À propos de la sécurité ferroviaire, un sujet qui prend toute son importance depuis la tragédie de Lac-Mégantic, le Québec a exprimé plusieurs demandes au gouvernement fédéral, et ce, dans l'esprit de la rapidité d'exécution des élus américains sur ces questions, notamment :

  • des inspections additionnelles sur les trains transportant des matières dangereuses;
  • une amélioration du partage et de la disponibilité de l'information sur le transport des matières dangereuses circulant sur le territoire du Québec;
  • la mise en place de mesures spécifiques pour les trains blocs de matières dangereuses afin de garantir un meilleur encadrement;
  • des mesures précises envers le transport ferroviaire du pétrole de schiste, provenant particulièrement de la formation de « Bakken », ainsi qu'une révision de la classification de ce pétrole;
  • la consultation du Québec avant d'autoriser toute dérogation ou mesure d'exception pour une compagnie de chemin de fer circulant sur le territoire du Québec;
  • une revue des exigences en matière de couverture d'assurance responsabilité pour toute entreprise désirant exploiter une ligne de chemin de fer au pays, dans l'objectif de s'assurer qu'elles soient suffisantes et d'éviter ainsi que les contribuables locaux n'aient à payer les dommages, et cela, même en cas de faillites.

« Ces demandes ont trouvé une certaine résonance chez quelques collègues provinciaux autour de la table. Toutefois, le gouvernement fédéral tarde à se mettre au travail pour répondre à nos préoccupations légitimes quant à la sécurité ferroviaire et au transport des matières dangereuses » a déclaré M. Gaudreault.

Le financement des infrastructures

Sur le plan du financement des infrastructures, le Québec a rappelé qu'il souhaite que sa part de financement lui soit versée par l'entremise d'un transfert « en bloc », afin notamment d'éviter les délais découlant de la négociation d'une multitude d'ententes et de permettre au Québec de déterminer les priorités d'utilisation des fonds fédéraux sur son territoire. Ce transfert permettrait également d'accélérer la mise en chantier des projets et ainsi favoriser un meilleur appui à la croissance économique.

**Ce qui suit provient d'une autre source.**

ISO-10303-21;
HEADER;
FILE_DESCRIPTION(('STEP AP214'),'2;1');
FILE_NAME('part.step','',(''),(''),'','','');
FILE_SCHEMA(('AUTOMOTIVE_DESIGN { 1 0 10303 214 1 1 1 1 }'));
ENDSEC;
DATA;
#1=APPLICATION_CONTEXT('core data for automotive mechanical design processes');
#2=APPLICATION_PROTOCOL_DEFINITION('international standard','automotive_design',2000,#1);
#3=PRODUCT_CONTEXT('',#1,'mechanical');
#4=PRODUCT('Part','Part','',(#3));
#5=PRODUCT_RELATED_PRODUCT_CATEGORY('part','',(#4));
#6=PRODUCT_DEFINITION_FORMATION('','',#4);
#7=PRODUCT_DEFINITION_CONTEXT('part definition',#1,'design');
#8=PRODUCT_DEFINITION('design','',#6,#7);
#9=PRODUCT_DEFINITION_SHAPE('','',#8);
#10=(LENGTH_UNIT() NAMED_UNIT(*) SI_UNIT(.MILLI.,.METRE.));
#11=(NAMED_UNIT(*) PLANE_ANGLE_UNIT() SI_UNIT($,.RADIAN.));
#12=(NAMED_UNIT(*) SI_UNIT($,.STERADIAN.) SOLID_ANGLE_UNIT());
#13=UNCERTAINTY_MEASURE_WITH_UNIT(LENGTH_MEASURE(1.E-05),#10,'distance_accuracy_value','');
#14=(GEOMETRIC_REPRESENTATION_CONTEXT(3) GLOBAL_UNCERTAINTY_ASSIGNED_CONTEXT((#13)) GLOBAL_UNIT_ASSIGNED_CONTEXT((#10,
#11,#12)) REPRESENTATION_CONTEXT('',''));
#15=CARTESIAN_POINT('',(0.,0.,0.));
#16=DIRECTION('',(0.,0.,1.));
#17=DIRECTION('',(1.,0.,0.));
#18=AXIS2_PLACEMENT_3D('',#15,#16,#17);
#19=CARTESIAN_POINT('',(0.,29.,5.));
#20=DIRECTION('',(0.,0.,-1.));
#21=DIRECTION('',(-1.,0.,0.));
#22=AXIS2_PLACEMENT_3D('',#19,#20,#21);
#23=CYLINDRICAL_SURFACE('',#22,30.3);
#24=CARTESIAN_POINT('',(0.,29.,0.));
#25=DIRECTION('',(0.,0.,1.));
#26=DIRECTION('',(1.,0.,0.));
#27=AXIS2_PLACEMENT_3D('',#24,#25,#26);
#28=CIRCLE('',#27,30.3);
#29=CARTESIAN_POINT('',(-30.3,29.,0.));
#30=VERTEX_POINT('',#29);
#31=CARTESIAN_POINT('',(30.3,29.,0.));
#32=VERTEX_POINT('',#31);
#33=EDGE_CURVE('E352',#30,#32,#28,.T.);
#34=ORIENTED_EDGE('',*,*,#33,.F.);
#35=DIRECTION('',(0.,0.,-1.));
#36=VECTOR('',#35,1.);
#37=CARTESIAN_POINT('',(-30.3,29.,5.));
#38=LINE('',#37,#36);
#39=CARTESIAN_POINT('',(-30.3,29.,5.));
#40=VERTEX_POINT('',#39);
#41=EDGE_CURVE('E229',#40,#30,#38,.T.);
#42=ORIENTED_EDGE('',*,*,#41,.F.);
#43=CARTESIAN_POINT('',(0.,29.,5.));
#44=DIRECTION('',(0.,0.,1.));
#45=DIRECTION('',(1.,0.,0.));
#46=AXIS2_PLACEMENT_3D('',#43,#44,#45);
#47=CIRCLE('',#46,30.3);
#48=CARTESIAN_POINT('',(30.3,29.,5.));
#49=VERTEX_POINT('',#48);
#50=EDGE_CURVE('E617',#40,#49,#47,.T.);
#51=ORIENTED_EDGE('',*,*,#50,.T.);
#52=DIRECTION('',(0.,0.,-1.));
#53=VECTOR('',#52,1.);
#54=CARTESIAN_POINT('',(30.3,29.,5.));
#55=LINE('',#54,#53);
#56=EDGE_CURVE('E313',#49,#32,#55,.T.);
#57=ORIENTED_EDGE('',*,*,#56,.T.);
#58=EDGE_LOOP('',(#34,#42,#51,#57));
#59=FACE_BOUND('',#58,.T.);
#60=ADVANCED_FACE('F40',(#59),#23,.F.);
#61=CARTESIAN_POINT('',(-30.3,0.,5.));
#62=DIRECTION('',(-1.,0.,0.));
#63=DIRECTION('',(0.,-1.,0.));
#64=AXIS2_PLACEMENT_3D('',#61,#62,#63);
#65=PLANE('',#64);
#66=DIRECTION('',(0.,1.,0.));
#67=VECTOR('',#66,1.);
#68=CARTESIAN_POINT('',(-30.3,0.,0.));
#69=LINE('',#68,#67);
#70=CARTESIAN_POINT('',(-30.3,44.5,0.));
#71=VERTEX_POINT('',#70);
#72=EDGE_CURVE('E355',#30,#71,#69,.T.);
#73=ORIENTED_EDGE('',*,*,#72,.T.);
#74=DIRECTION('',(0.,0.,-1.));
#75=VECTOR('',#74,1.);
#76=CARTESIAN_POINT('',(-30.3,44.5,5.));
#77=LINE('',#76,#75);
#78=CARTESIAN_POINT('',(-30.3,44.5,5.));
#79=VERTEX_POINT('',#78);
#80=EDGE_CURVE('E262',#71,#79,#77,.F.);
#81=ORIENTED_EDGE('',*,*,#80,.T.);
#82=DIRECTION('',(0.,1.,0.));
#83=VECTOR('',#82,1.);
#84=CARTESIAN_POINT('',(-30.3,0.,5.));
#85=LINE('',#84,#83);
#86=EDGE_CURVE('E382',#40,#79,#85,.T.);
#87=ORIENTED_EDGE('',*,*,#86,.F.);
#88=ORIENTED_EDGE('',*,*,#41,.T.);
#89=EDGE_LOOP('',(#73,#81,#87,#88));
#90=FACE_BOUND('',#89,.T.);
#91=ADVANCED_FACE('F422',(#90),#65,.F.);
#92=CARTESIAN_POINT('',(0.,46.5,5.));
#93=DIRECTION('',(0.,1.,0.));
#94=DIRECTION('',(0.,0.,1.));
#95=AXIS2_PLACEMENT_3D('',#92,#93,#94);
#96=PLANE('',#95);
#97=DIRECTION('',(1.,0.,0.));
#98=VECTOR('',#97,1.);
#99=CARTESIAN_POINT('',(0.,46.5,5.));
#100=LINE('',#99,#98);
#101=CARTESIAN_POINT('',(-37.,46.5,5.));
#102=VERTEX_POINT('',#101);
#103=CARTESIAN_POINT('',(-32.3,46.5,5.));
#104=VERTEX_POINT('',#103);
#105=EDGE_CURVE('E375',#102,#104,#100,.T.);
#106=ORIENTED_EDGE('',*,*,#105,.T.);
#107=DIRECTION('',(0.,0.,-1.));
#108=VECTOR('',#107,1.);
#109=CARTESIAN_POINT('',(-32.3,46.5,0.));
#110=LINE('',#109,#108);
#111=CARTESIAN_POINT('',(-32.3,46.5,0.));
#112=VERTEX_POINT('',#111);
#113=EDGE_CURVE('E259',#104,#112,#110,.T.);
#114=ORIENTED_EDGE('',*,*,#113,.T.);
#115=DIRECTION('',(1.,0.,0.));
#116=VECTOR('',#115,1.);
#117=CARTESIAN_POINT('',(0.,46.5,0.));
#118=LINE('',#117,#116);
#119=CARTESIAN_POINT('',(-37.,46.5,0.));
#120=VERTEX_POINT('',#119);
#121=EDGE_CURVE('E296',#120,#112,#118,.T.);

Ainsi, le Québec n'est pas favorable à ce qu'une partie des fonds soit allouée au mérite, puisque ce procédé est inéquitable et qu'il permet au gouvernement fédéral de choisir les projets en fonction de ses propres critères et priorités. Il demande que les compétences des provinces et des territoires en la matière soient respectées.

« Les 660 M$ annoncés par Ottawa cette semaine pour le prolongement du métro de Toronto, à même les nouveaux fonds fédéraux annoncés au printemps dernier, sans que les modalités de ceux-ci ne soient connues par l'ensemble des provinces, posent plusieurs questions quant au respect des compétences des provinces en matière de transport. Nous avons fait part de ces interrogations à la ministre fédérale et nous souhaitons obtenir des éclaircissements de la part d'Ottawa sur ces programmes dans les meilleurs délais » a poursuivi M. Gaudreault.

Enfin, le Québec a également rappelé que toute consultation du gouvernement fédéral auprès des municipalités sur son territoire doit être réalisée par l'entremise du gouvernement du Québec.